*** DATA SUPPLIED ***

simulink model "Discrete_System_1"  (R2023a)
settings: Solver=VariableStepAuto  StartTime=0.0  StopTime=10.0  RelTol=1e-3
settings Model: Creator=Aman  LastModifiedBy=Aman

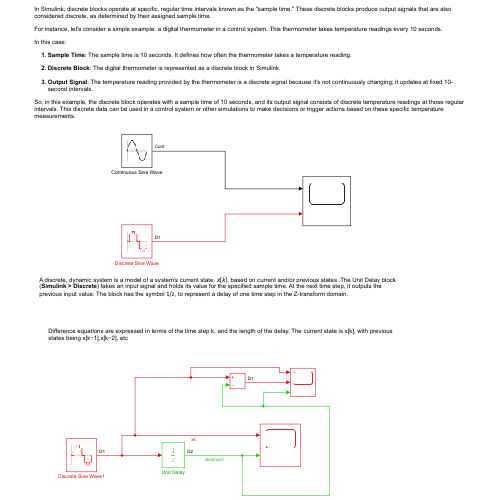
[thumbnail: Simulink's stored preview of the top-level diagram]
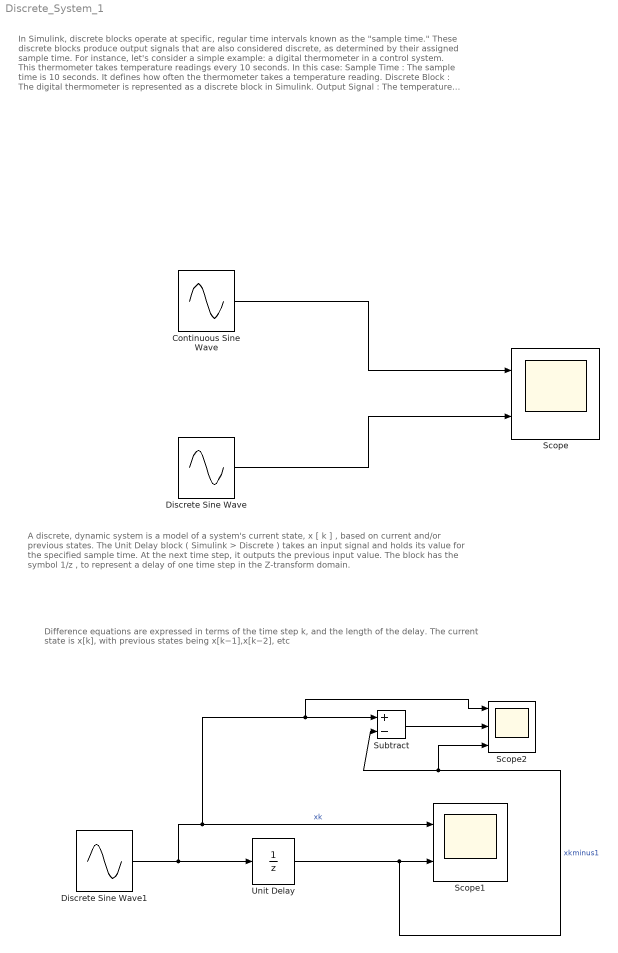
== system Discrete_System_1 ==
  note: Difference equations are expressed in terms of the time step k, and the length of the delay. The current state is x[k], with previous states being x[k−1],x[k−2], etc
  note: A discrete, dynamic system is a model of a system's current state, x [ k ] , based on current and/or previous states. The Unit Delay block ( Simulink > Discrete ) takes an input signal and holds its value for the specified sample time. At the next time step, it outputs the previous input value. The block has the symbol 1/z , to represent a delay of one time step in the Z-transform domain.
  note: In Simulink, discrete blocks operate at specific, regular time intervals known as the "sample time." These discrete blocks produce output signals that are also considered discrete, as determined by their assigned sample time.
      | For instance, let's consider a simple example: a digital thermometer in a control system. This thermometer takes temperature readings every 10 seconds.
      | In this case:
      | Sample Time : The sample time is 10 seconds. It defines how often the thermometer takes a temperature reading.
      | Discrete Block : The digital thermometer is represented as a discrete block in Simulink.
      | Output Signal : The temperature reading provided by the thermometer is a discrete signal because it's not continuously changing; it updates at fixed 10-second intervals.
      | So, in this example, the discrete block operates with a sample time of 10 seconds, and its output signal consists of discrete temperature readings at those regular intervals. This discrete data can be used in a control system or other simulations to make decisions or trigger actions based on these specific temperature measurements.
  Continuous Sine Wave : Sin  SampleTime=0
  Discrete Sine Wave : Sin  SampleTime=0.25
  Discrete Sine Wave1 : Sin  SampleTime=0.25
  Scope : Scope  NumInputPorts=2
  Scope1 : Scope  NumInputPorts=2
  Scope2 : Scope  NumInputPorts=3
  Subtract : Sum  Inputs=+-
  Unit Delay : UnitDelay  SampleTime=0.5  HasFrameUpgradeWarning=on
  wires:
  Continuous Sine Wave/1 -> Scope/1
  Discrete Sine Wave/1 -> Scope/2
  Discrete Sine Wave1/1 -> Subtract/1, Scope2/1, Scope1/1, Unit Delay/1  "xk"
  Unit Delay/1 -> Scope1/2, Scope2/3, Subtract/2  "xkminus1"
  Subtract/1 -> Scope2/2

*** End of DATA SUPPLIED ***

WHAT IS REQUIRED =>
Could the lines above be copied out exactly, with no image carried over?

ANSWER AREA =>
simulink model "Discrete_System_1"  (R2023a)
settings: Solver=VariableStepAuto  StartTime=0.0  StopTime=10.0  RelTol=1e-3
settings Model: Creator=Aman  LastModifiedBy=Aman

[thumbnail: Simulink's stored preview of the top-level diagram]
== system Discrete_System_1 ==
  note: Difference equations are expressed in terms of the time step k, and the length of the delay. The current state is x[k], with previous states being x[k−1],x[k−2], etc
  note: A discrete, dynamic system is a model of a system's current state, x [ k ] , based on current and/or previous states. The Unit Delay block ( Simulink > Discrete ) takes an input signal and holds its value for the specified sample time. At the next time step, it outputs the previous input value. The block has the symbol 1/z , to represent a delay of one time step in the Z-transform domain.
  note: In Simulink, discrete blocks operate at specific, regular time intervals known as the "sample time." These discrete blocks produce output signals that are also considered discrete, as determined by their assigned sample time.
      | For instance, let's consider a simple example: a digital thermometer in a control system. This thermometer takes temperature readings every 10 seconds.
      | In this case:
      | Sample Time : The sample time is 10 seconds. It defines how often the thermometer takes a temperature reading.
      | Discrete Block : The digital thermometer is represented as a discrete block in Simulink.
      | Output Signal : The temperature reading provided by the thermometer is a discrete signal because it's not continuously changing; it updates at fixed 10-second intervals.
      | So, in this example, the discrete block operates with a sample time of 10 seconds, and its output signal consists of discrete temperature readings at those regular intervals. This discrete data can be used in a control system or other simulations to make decisions or trigger actions based on these specific temperature measurements.
  Continuous Sine Wave : Sin  SampleTime=0
  Discrete Sine Wave : Sin  SampleTime=0.25
  Discrete Sine Wave1 : Sin  SampleTime=0.25
  Scope : Scope  NumInputPorts=2
  Scope1 : Scope  NumInputPorts=2
  Scope2 : Scope  NumInputPorts=3
  Subtract : Sum  Inputs=+-
  Unit Delay : UnitDelay  SampleTime=0.5  HasFrameUpgradeWarning=on
  wires:
  Continuous Sine Wave/1 -> Scope/1
  Discrete Sine Wave/1 -> Scope/2
  Discrete Sine Wave1/1 -> Subtract/1, Scope2/1, Scope1/1, Unit Delay/1  "xk"
  Unit Delay/1 -> Scope1/2, Scope2/3, Subtract/2  "xkminus1"
  Subtract/1 -> Scope2/2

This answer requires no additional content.